FATMAP difficulty grade

Difficult

Description

Benton MacKaye was the man who envisioned a great trail through the Appalachian Range.

He published a book with his ideas in 1921, and hiking clubs of the time quickly adopted his goal.

The Appalachian Trail was enthusiastically established during the following decades.

MacKaye never imparted his own name on the trail he inspired, but later trail creators thought it proper to honor his legacy with a new trail in the Appalachians. Opened in 2005, the Benton MacKaye Trail covers nearly 300 miles in the Southern Appalachians of Georgia, Tennessee, and North Carolina.

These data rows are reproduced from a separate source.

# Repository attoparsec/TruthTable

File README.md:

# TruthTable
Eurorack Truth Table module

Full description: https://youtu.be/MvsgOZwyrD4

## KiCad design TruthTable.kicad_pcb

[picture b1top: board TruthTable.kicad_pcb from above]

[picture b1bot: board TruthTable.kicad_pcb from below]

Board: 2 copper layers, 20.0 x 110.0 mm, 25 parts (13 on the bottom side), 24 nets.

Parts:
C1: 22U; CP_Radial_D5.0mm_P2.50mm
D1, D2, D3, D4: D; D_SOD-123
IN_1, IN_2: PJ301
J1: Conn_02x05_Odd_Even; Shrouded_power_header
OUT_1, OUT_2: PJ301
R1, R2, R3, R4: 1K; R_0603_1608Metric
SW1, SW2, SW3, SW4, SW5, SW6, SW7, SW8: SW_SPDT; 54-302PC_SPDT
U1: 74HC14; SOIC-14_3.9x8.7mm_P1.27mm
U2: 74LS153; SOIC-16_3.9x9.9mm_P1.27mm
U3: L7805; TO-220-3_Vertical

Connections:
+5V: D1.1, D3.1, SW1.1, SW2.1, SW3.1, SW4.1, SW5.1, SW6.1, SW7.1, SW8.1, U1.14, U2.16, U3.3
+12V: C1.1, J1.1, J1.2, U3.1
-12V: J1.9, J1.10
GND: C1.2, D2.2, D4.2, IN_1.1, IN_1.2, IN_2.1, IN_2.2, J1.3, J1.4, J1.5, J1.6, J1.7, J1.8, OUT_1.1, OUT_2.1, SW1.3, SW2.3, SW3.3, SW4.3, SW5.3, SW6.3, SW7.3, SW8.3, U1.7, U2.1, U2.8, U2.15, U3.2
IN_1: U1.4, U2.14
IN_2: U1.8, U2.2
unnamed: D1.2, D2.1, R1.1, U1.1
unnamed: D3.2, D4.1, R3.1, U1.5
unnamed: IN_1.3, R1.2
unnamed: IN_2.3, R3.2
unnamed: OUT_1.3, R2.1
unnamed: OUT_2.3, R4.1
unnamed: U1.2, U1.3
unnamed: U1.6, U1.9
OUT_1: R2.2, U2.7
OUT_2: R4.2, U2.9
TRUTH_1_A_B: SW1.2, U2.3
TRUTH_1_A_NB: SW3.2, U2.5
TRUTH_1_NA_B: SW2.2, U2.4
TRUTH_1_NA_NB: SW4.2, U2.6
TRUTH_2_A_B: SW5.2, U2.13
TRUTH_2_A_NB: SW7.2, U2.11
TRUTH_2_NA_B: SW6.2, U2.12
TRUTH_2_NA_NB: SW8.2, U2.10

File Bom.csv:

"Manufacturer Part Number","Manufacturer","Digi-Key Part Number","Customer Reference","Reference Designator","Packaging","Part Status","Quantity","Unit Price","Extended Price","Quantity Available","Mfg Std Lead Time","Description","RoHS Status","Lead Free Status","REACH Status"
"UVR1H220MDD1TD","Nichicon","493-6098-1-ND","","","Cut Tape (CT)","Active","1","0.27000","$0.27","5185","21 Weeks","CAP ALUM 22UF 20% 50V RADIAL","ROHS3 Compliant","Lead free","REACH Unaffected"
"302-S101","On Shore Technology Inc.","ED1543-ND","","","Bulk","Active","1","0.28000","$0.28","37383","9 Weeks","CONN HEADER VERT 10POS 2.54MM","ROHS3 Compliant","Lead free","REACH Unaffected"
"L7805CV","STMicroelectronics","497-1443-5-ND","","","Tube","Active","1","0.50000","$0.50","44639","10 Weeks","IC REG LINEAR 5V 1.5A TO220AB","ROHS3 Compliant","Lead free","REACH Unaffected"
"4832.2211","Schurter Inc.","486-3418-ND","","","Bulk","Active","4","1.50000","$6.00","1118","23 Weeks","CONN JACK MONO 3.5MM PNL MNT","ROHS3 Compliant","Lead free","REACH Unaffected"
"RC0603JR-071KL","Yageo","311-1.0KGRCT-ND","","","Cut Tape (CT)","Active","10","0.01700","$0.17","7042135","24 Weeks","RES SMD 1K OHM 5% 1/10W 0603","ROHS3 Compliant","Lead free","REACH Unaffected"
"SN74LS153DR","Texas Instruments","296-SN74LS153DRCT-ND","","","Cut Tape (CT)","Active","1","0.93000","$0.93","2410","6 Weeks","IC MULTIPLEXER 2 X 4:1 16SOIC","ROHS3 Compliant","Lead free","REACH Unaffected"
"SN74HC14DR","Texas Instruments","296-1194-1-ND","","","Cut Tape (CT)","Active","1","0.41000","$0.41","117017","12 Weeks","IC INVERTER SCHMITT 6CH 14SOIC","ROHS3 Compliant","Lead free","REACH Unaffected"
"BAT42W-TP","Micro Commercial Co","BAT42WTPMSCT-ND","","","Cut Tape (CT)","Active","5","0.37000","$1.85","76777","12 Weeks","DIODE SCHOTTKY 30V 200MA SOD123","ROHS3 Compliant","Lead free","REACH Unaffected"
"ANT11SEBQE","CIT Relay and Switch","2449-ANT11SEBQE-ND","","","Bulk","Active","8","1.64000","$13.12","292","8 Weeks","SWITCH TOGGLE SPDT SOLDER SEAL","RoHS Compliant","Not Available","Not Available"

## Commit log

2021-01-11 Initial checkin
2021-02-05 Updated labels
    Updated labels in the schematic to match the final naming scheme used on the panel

It begins and ends along the AT, but traces a path of its own, touring parts of this immense range unseen by those who only hike the AT.

A much newer and lesser-known trail, the BMT is more rugged than the AT and feels more remote for much of its length.

It is less crowded, less maintained, and has fewer camping shelters. In the initial miles through Georgia, the trail weaves up and down many wooded ridgelines and through the small towns tucked between them.

It passes some waterfalls, crosses the Toccoa River on a suspension bridge, and reaches a lookout tower atop Brawley Mountain.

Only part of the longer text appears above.